On Thu, Oct 8, 2009 at 9:15 PM, Stas Oskin <[email protected]> wrote:
> Hi.
>
> I head about this option before, but never actually tried it.
>
> There is also another option, called "relatime", which described as being
> more compatible then noatime.
> Can anyone comment on this?
>
> Regards.
>
> 2009/10/8 Edward Capriolo <[email protected]>
>
>> On Thu, Oct 8, 2009 at 4:00 PM, Jason Venner <[email protected]>
>> wrote:
>> > noatime is absolutely essential, I forget to mention it, because it is
>> > automatic now for me.
>> >
>> > I have a fun story about atime, I have some Solaris machines with ZFS
>> file
>> > systems, and I was doing a find on a 6 level hashed directory tree with
>> > 250000 leaf nodes.
>> >
>> > The find on a cold idle file system was running slowly, and the machine
>> was
>> > writing at 5-10MB/sec, solaris lets you toggle atime at runtime,
>> > when I turned it off, the writes went to 0, and the find drastically
>> speeded
>> > up.
>> >
>> > This is very representative of a datanode with many blocks.
>> >
>> >
>> >
>> > On Thu, Oct 8, 2009 at 12:43 PM, Tom Wheeler <[email protected]> wrote:
>> >
>> >> I've used XFS on Silicon Graphics machines and JFS on AIX systems --
>> >> both were quite fast and extremely reliable, though this long predates
>> >> my use of Hadoop.
>> >>
>> >> To your question, I recently came across a blog that compares
>> >> performance of several Linux filesystems:
>> >>
>> >>   http://log.amitshah.net/2009/04/re-comparing-file-systems.html
>> >>
>> >> I'd consider his results anecdotal unless the tests reflect the actual
>> >> workload of a datanode, but since he's made the code available, you
>> >> could probably adapt it yourself to get a better measure.
>> >>
>> >> On Thu, Oct 8, 2009 at 2:26 PM, Stas Oskin <[email protected]>
>> wrote:
>> >> > Hi.
>> >> >
>> >> > Thanks for the info.
>> >> >
>> >> > What about JFS, any idea how well it compares to XFS?
>> >> >
>> >> > From what I read, JFS is considered more stable then XFS, but less
>> >> > performing, so I wonder if this true.
>> >> >
>> >> > Also, Ext4 is around the corner and was recently accepted into kernel,
>> so
>> >> I
>> >> > wonder if anyone knows about this one.
>> >>
>> >> --
>> >> Tom Wheeler
>> >> http://www.tomwheeler.com/
>> >>
>> >
>> >
>> >
>> > --
>> > Pro Hadoop, a book to guide you from beginner to hadoop mastery,
>> > http://www.amazon.com/dp/1430219424?tag=jewlerymall
>> > www.prohadoopbook.com a community for Hadoop Professionals
>> >
>>
>> The good news is its not like you are stuck into the file system you
>> pick.
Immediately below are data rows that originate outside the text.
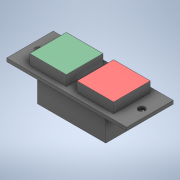
# Autodesk Inventor part: Control-Buttons-Module
Saved by Autodesk Inventor 2022.3 (Build 263350000, 350)
## iProperties
Part Number: Control-Buttons-Module
Material: 一般
Document SubType Name: Modeling
Designer: Masato Kubotera
Density: 1 g/cm^3
Appearance: 滑らか - 黒
Description: CircuitBoard
Mass: 5.19516 g
Surface Area: 35.756 cm^2
Volume: 5.19516 cm^3
Author: Masato Kubotera
Autodesk Inventor part; units mm, degrees
ref_plane "YZ Plane" through (0, 0, 0) normal (1, 0, 0) x (0, 1, 0)
ref_plane "XZ Plane" through (0, 0, 0) normal (0, 1, 0) x (-1, 0, 0)
ref_plane "XY Plane" through (0, 0, 0) normal (0, 0, 1) x (1, 0, 0)
derived "Cockpit_top_frame.ipt"
sketch "スケッチ1" plane through (-75.375, 2.5, -22.5) normal (0, 0, 1) x (1, 0, 0)
  line L0 (-7.825, -1.0151) -> (-7.825, 2.5)
  line L1 (-11.85, 2.5) -> (-8.9, 2.5)
  line L2 (-7.825, 2.5) -> (22.875, 2.5)
  line L3 (22.875, 2.5) -> (22.875, -142.5)
  line L4 (22.875, -70) -> (-12.875, -70) construction
  line L5 (-12.875, -2.5) -> (-12.875, -137.5)
  line L6 (11.639, -0.5602) -> (0, -2.5) construction
  line L7 (0, 0) -> (15, -2.5) construction
  line L8 (13.5651, 0.05) -> (1.4349, 0.05)
  line L9 (-0.05, -1.4349) -> (-0.05, -2.55)
  line L10 (2.05, -2.55) -> (12.95, -2.55)
  line L11 (15.05, -2.55) -> (15.05, -1.4349)
  line L12 (15.05, 0.05) -> (-0.05, -2.55) construction
  line L13 (-0.05, 0.05) -> (15.05, -2.55) construction
  arc A0 (-0.05, -2.55) -> (2.05, -2.55) centre (1, -2.55) ccw
  arc A1 (1.4349, 0.05) -> (-0.05, -1.4349) centre (0.6925, -0.6925) ccw
  line L14 (7.5, -2.55) -> (7.5, 0.05) construction
  arc A2 (12.95, -2.55) -> (15.05, -2.55) centre (14, -2.55) ccw
  arc A3 (15.05, -1.4349) -> (13.5651, 0.05) centre (14.3075, -0.6925) ccw
  circle A4 centre (-3.9375, 0) radius 1.7294 construction
  circle A5 centre (-3.9375, 0) radius 1.6
  line L15 (-7.875, -2.5) -> (-7.875, 2.5)
  line L16 (0, 2.5) -> (15, 2.5)
  line L17 (-13.625, -2.5) -> (-7.875, -2.5)
  line L18 (-12.875, -137.5) -> (-9.3099, -137.5)
  line L19 (-7.825, -138.9849) -> (-7.825, -142.5)
  line L20 (-7.825, -142.5) -> (22.875, -142.5)
  circle A6 centre (-3.9375, -140) radius 1.6
  arc A7 (2.05, -137.45) -> (-0.05, -137.45) centre (1, -137.45) ccw
  line L21 (-0.05, -138.5651) -> (-0.05, -137.45)
  arc A8 (-0.05, -138.5651) -> (1.4349, -140.05) centre (0.6925, -139.3075) ccw
  line L22 (13.5651, -140.05) -> (1.4349, -140.05)
  arc A9 (13.5651, -140.05) -> (15.05, -138.5651) centre (14.3075, -139.3075) ccw
  line L23 (15.05, -137.45) -> (15.05, -138.5651)
  arc A10 (15.05, -137.45) -> (12.95, -137.45) centre (14, -137.45) ccw
  line L24 (2.05, -137.45) -> (12.95, -137.45)
  line L25 (-7.875, -41) -> (14.625, -41)
  line L26 (14.625, -41) -> (14.625, -99)
  line L27 (14.625, -99) -> (-7.875, -99)
  line L28 (-7.875, -99) -> (-7.875, -41)
  line L29 (-7.875, -41) -> (14.625, -99) construction
  line L30 (14.625, -41) -> (-7.875, -99) construction
  line L31 (-5.975, -49.22) -> (12.725, -49.22) construction
  line L32 (12.725, -49.22) -> (12.725, -67.92) construction
  line L33 (12.725, -67.92) -> (-5.975, -67.92) construction
  line L34 (-5.975, -67.92) -> (-5.975, -49.22) construction
  line L35 (-5.975, -49.22) -> (12.725, -67.92) construction
  line L36 (12.725, -49.22) -> (-5.975, -67.92) construction
  line L37 (-4.5608, -48.6342) -> (11.3108, -48.6342) construction
  line L38 (13.3108, -50.6342) -> (13.3108, -66.5058) construction
  line L39 (11.3108, -68.5058) -> (-4.5608, -68.5058) construction
  line L40 (-6.5608, -66.5058) -> (-6.5608, -50.6342) construction
  line L41 (-6.5608, -48.6342) -> (13.3108, -68.5058) construction
  line L42 (13.3108, -48.6342) -> (-6.5608, -68.5058) construction
  arc A11 (-6.5608, -66.5058) -> (-4.5608, -68.5058) centre (-4.5608, -66.5058) ccw construction
  arc A12 (11.3108, -68.5058) -> (13.3108, -66.5058) centre (11.3108, -66.5058) ccw construction
  arc A13 (13.3108, -50.6342) -> (11.3108, -48.6342) centre (11.3108, -50.6342) ccw construction
  arc A14 (-4.5608, -48.6342) -> (-6.5608, -50.6342) centre (-4.5608, -50.6342) ccw construction
  line L43 (12.225, -49.72) -> (-5.475, -49.72)
  line L44 (-5.475, -49.72) -> (-5.475, -67.42)
  line L45 (-5.475, -67.42) -> (12.225, -67.42)
  line L46 (12.225, -67.42) -> (12.225, -49.72)
  line L47 (12.225, -49.72) -> (-5.475, -67.42) construction
  line L48 (-5.475, -49.72) -> (12.225, -67.42) construction
  arc A15 (-4.5608, -71.4942) -> (-6.5608, -73.4942) centre (-4.5608, -73.4942) ccw construction
  line L49 (11.3108, -71.4942) -> (-4.5608, -71.4942) construction
  line L50 (-6.5608, -73.4942) -> (-6.5608, -89.3658) construction
  arc A16 (-6.5608, -89.3658) -> (-4.5608, -91.3658) centre (-4.5608, -89.3658) ccw construction
  line L51 (-4.5608, -91.3658) -> (11.3108, -91.3658) construction
  line L52 (13.3108, -89.3658) -> (13.3108, -73.4942) construction
  arc A17 (13.3108, -73.4942) -> (11.3108, -71.4942) centre (11.3108, -73.4942) ccw construction
  line L53 (-6.5608, -91.3658) -> (3.375, -81.43) construction
  line L54 (13.3108, -91.3658) -> (-6.5608, -71.4942) construction
  arc A18 (11.3108, -91.3658) -> (13.3108, -89.3658) centre (11.3108, -89.3658) ccw construction
  line L55 (3.375, -81.43) -> (13.3108, -71.4942) construction
  circle A19 centre (3.375, -45) radius 2 construction
  circle A20 centre (3.375, -45) radius 1.6
  line L56 (-5.475, -90.28) -> (-5.475, -72.58)
  line L57 (-5.475, -72.58) -> (12.225, -72.58)
  line L58 (12.225, -90.28) -> (-5.475, -90.28)
  line L59 (12.225, -72.58) -> (12.225, -90.28)
  circle A21 centre (3.375, -95) radius 2 construction
  circle A22 centre (3.375, -95) radius 1.6
  line L60 (3.375, -99) -> (3.375, -41) construction
  arc A23 (-9.3099, -2.5) -> (-7.825, -1.0151) centre (-8.5675, -1.7575) ccw
  line L61 (-12.875, -2.5) -> (-9.3099, -2.5)
  arc A24 (-7.825, -138.9849) -> (-9.3099, -137.5) centre (-8.5675, -138.2425) ccw
  line L62 (0.5, 0) -> (14.5, 0)
  line L63 (0, 0) -> (0, -2.5)
  line L64 (0.5, -2.5) -> (14.5, -2.5)
  line L65 (22.875, -110) -> (14.625, -101.75)
  line L66 (14.625, -101.75) -> (14.625, -38.25)
  line L67 (14.625, -38.25) -> (22.875, -30)
  line L68 (12.265, -53.49) -> (-5.515, -53.49)
  line L69 (-5.515, -53.49) -> (-5.515, -86.51)
  line L70 (-5.515, -86.51) -> (12.265, -86.51)
  line L71 (12.265, -86.51) -> (12.265, -53.49)
  line L72 (12.265, -53.49) -> (-5.515, -86.51) construction
  line L73 (-5.515, -53.49) -> (12.265, -86.51) construction
  point P0 (75.375, -2.5)
  point P1 (7.5, -1.25)
  point P2 (22.875, -2.5)
  point P3 (-12.75, -137.5)
  point P4 (3.375, -70)
  point P5 (3.375, -58.57)
  point P6 (3.375, -70)
  point P7 (3.375, -58.57)
  point P8 (-12.875, -2.5)
  point P9 (-12.875, -2.5)
  point P10 (-12.875, -2.5)
  point P11 (-7.825, -2.5)
  point P12 (-12.75, -137.5)
  point P13 (15, -2.5)
  point P14 (12.225, -86.51)
  point P15 (12.225, -53.49)
  point P16 (-5.475, -53.49)
  point P17 (-5.475, -86.51)
  dimension "d5" = 17.78
  dimension "d6" = 33.02
  measures "d5" distance of L70.end L69.end
  measures "d6" distance of L69.end L68.end
extrude "押し出し1" add sketch "スケッチ1" against normal blind 1.6 contours L26 L27 L28 L25 | L46 L68 L44 L43 | L68 L71 L70 L59 L57 L56 L69 L44 L45 L46 | L46 L45 L44 L68 | L70 L56 L57 L59 | L59 L58 L56 L70
extrude "押し出し2" add sketch "スケッチ1" along normal blind 5 contours L46 L68 L44 L43 | L46 L45 L44 L68 | L70 L56 L57 L59 | L59 L58 L56 L70
extrude "Extrusion3" add sketch "スケッチ1" against normal blind 14.1 contours L68 L71 L70 L59 L57 L56 L69 L44 L45 L46 | L46 L45 L44 L68 | L70 L56 L57 L59

Assuming you use the normal replication level 3, you can pull
>> out a datanode, format it's disk with any FS you want and then stick
>> it back into the cluster. Hadoop should not care after all.  Not
>> suggesting this...but you could theoretically run each node with a
>> different file system, look at the performance and say "THIS is the
>> one for me"
>>
>

Relatime is like a noatime that gets updated only periodically, not
every read. Hadoop does not use atime so there is no benefit to
relative. Go 'noatime nodiratime' although I think nodiratime is a
subset of noatime.

FYI almost nothing really uses noatime, I heard mutt does and older
versions of vim might have. But I turned if and never had an issue.